By: Lisa Williams, senior writer, Intergovworld.com(Oct 23, 2007 06:00:00)

Previous:Learning from Canada

Q. Let's talk about Direct.gov, which is the Web site where citizens are accessing their online services. When did this first come to fruition, and how has that evolved since then?

A. Direct.gov has been around for about four or five years now, and it started off as being a shared resource by a number of departments. It was successful to a degree but what it kind of ended up with was because it was a shared resource, instead of being truly integrated, it was on a similar Web site, and it has a section about benefits, transport, etc. The integration level was really quite thin.

The change that we have encouraged and orchestrated in the past year or so is to integrate that more so that people really can come in and address it in terms that matter to them.

With a lot of these things we started off more in information provision, and then started pushing transactions in there, so there's quite a lot to do in building up the transactional capability of it. What we're doing now is we're defining a road map for Direct.gov, and at the same time, we're targeting a reduction in other Web sites in government.

Q. So you're integrating these content with Direct.gov, are you getting rid of any of these government Web sites?

A. Yes. But it's not a shallow integration; it's not just taking content and moving it across, but taking the intent and optimizing it. What you will discover is there is less stuff; fewer pages than there are at the moment. That's because we're integrating stuff properly and we're getting rid of rubbish. The target is for that process to be absolutely complete by 2011.

Q. Why did you want to get into this line of work, and what is it that you enjoy the most about the work that you're doing now?

A. When we went to our last delivery council meeting with all these slides about government, the lady who's running 'Tell Us Once' stood up and said, 'This is boring, service transformation is fun.' Very rarely in public service do you get the opportunity to do something that is genuinely fun, exciting and innovative. Working on projects like this you can actually see something tangible and that was the attraction for me. For this particular time, and in my view, in order to get anything done, you need three things aligned.

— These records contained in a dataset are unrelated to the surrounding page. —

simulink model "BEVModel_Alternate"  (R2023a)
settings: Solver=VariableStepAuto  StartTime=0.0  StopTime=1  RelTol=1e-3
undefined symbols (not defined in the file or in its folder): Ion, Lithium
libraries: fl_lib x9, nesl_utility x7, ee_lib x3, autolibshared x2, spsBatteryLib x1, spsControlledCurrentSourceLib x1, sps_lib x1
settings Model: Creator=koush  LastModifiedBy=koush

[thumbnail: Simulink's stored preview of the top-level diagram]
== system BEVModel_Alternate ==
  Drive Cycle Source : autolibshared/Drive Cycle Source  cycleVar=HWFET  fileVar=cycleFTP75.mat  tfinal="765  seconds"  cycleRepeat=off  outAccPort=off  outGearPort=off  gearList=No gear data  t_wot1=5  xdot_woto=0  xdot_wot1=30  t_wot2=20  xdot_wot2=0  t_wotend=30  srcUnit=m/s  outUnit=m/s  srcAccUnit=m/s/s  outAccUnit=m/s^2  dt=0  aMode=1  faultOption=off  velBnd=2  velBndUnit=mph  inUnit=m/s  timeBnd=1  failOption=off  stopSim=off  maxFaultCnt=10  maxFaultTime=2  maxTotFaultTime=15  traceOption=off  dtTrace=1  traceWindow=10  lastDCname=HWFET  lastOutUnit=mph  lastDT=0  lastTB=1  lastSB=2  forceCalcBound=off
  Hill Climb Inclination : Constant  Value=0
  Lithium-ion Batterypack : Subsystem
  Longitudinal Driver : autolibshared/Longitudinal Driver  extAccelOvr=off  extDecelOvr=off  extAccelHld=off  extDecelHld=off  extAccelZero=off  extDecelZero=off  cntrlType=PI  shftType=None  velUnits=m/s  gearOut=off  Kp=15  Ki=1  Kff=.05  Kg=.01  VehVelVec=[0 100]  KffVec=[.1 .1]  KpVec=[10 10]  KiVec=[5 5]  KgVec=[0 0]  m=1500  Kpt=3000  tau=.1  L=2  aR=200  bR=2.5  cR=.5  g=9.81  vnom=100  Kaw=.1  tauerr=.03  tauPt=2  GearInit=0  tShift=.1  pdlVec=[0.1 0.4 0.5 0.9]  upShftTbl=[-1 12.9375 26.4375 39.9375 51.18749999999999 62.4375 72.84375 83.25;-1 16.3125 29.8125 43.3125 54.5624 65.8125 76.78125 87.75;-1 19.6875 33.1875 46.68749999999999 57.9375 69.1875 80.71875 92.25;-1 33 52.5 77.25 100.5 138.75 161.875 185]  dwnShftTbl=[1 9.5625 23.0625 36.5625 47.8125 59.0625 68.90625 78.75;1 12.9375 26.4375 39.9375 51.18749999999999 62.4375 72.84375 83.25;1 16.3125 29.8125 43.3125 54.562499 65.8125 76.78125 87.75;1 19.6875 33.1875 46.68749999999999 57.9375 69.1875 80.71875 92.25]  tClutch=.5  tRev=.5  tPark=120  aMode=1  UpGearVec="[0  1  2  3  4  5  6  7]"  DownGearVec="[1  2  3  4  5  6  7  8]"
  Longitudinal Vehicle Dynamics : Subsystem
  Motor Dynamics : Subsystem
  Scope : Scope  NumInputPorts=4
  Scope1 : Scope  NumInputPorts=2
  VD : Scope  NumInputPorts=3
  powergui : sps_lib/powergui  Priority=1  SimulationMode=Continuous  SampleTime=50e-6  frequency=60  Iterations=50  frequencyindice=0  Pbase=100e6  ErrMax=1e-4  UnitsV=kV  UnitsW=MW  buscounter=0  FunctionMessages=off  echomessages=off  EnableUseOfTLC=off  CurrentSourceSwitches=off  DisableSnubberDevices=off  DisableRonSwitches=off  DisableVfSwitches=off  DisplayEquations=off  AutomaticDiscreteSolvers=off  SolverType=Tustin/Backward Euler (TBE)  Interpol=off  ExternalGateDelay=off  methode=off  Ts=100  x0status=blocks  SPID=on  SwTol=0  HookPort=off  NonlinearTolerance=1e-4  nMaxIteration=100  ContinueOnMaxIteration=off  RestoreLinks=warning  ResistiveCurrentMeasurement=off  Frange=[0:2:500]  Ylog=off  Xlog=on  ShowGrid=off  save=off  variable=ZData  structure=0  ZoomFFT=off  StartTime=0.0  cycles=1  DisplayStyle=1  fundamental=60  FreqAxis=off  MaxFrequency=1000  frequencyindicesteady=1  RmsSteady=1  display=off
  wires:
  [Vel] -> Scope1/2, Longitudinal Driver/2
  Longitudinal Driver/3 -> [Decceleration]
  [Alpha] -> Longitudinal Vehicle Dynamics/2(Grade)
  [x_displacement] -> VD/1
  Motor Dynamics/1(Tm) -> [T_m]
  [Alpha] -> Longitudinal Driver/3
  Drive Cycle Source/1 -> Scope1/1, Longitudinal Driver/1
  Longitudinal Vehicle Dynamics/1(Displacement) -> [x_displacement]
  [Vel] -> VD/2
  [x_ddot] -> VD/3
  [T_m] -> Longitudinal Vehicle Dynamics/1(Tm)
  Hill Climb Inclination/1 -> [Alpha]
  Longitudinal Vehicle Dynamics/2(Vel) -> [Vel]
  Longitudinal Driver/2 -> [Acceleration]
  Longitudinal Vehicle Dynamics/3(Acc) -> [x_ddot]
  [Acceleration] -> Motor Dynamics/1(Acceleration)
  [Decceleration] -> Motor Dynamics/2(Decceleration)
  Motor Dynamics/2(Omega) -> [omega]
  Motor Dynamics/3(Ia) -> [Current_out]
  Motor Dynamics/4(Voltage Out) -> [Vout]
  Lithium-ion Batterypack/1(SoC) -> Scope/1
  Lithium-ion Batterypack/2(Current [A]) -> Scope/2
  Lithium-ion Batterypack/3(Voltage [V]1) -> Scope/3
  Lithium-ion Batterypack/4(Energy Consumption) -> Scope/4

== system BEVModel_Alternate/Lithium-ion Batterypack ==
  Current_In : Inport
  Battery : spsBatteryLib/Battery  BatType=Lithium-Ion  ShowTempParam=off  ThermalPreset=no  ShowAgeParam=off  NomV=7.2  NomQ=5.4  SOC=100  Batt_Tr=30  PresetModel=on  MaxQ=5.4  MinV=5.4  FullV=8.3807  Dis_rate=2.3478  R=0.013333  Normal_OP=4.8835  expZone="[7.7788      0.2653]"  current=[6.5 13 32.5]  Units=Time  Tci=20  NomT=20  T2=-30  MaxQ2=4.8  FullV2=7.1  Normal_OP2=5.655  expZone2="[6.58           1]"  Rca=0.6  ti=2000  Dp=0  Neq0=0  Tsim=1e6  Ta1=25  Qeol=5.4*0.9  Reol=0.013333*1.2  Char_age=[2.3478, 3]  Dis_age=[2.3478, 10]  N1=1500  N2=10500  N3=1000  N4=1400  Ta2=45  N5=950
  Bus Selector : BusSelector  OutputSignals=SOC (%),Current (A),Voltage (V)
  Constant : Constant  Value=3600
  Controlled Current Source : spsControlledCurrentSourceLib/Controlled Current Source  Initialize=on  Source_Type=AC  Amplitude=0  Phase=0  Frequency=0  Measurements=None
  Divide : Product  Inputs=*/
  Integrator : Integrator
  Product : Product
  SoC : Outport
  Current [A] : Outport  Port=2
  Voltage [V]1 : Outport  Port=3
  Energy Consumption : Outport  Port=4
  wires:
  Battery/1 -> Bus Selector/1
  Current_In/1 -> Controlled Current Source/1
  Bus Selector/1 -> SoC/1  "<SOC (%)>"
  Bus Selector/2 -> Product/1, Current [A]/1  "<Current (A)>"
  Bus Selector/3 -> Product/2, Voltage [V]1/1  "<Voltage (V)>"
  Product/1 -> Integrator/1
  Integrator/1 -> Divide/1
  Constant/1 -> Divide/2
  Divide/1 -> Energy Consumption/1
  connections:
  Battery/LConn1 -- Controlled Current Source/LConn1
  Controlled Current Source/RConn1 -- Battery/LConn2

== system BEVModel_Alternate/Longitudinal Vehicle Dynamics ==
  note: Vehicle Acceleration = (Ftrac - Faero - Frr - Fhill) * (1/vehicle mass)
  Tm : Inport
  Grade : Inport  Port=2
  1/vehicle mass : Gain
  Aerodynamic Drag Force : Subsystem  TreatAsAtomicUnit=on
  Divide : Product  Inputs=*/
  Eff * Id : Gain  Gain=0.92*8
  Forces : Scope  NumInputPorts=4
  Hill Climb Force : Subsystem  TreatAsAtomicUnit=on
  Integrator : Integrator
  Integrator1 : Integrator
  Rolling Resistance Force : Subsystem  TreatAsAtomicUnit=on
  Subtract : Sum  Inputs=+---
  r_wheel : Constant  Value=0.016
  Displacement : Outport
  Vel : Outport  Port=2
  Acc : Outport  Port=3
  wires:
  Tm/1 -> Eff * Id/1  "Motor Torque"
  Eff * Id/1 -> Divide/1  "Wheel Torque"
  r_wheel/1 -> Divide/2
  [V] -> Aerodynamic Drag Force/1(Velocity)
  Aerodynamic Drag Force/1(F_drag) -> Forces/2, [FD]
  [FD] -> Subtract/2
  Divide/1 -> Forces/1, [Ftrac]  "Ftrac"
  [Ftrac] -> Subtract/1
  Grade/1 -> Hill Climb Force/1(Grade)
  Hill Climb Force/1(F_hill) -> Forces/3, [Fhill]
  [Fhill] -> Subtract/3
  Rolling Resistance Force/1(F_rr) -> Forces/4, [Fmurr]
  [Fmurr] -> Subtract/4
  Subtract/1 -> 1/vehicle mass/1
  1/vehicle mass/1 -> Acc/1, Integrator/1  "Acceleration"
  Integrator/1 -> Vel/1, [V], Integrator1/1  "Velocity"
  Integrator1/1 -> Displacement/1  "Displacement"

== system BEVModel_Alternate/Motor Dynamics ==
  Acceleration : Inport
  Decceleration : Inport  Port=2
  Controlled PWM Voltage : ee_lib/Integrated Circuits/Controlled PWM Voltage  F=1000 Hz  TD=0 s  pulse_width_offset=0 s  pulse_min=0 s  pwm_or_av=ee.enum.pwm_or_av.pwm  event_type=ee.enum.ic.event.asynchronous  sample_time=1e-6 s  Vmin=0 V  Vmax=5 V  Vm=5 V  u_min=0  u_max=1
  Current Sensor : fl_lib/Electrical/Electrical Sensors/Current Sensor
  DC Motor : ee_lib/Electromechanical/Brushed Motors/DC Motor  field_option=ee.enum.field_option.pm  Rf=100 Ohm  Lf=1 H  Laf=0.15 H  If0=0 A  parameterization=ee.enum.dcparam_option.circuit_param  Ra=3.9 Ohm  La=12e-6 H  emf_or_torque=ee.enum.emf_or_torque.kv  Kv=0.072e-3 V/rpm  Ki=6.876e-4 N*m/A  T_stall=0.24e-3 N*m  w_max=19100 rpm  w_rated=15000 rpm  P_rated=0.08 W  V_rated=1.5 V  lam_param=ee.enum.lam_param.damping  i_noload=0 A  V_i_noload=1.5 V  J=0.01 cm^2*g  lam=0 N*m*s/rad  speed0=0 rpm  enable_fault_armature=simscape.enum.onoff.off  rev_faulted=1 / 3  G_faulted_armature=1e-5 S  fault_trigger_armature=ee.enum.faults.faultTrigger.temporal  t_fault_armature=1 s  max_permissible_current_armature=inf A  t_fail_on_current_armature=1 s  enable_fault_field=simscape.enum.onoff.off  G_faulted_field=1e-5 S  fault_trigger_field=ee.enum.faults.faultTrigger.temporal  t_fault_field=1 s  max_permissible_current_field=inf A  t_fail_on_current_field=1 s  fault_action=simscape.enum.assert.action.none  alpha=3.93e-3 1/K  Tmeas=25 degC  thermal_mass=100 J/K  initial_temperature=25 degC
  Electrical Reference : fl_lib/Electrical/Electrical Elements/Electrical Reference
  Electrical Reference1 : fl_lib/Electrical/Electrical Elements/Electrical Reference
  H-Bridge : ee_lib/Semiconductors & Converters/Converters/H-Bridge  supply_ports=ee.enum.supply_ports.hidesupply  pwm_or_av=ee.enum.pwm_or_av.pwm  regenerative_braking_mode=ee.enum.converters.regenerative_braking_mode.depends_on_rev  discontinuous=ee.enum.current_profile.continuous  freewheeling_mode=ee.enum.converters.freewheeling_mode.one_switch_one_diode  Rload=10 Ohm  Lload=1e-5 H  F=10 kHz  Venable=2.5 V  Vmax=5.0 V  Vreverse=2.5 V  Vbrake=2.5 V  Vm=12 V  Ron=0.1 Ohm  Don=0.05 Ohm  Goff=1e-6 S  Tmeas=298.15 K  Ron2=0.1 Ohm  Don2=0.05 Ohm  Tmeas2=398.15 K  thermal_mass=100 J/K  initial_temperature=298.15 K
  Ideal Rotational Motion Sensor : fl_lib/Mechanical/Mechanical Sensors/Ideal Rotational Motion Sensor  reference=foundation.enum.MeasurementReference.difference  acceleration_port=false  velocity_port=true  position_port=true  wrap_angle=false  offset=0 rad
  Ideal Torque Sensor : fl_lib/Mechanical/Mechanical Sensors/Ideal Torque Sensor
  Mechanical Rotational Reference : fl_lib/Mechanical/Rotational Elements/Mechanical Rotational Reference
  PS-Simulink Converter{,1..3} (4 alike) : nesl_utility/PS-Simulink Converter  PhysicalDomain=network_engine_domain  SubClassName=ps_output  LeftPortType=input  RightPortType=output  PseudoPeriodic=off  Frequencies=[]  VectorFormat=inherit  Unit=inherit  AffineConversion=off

You need financial leadership, political leadership and executive leadership. You need all of those three things absolutely in line to achieve anything. The trouble is that those three things very rarely align. But in the U.K. at the moment, we just had what is known as an Operations Spending Review (OSR). We operate in these three-year cycles, and periodically, we kind of stop and take a blank sheet of paper and we say, 'We're just going to look at this right from the ground up again.' So this work is part of the OSR.

At the executive level we have a new Cabinet Secretary, Gus O'Donnell, and of course we're having a change of political leadership. So uniquely, and unusually, we have all of those three things aligned. With service transformation as being one of the key objectives, the cabinet office has got three priorities and this is one of them.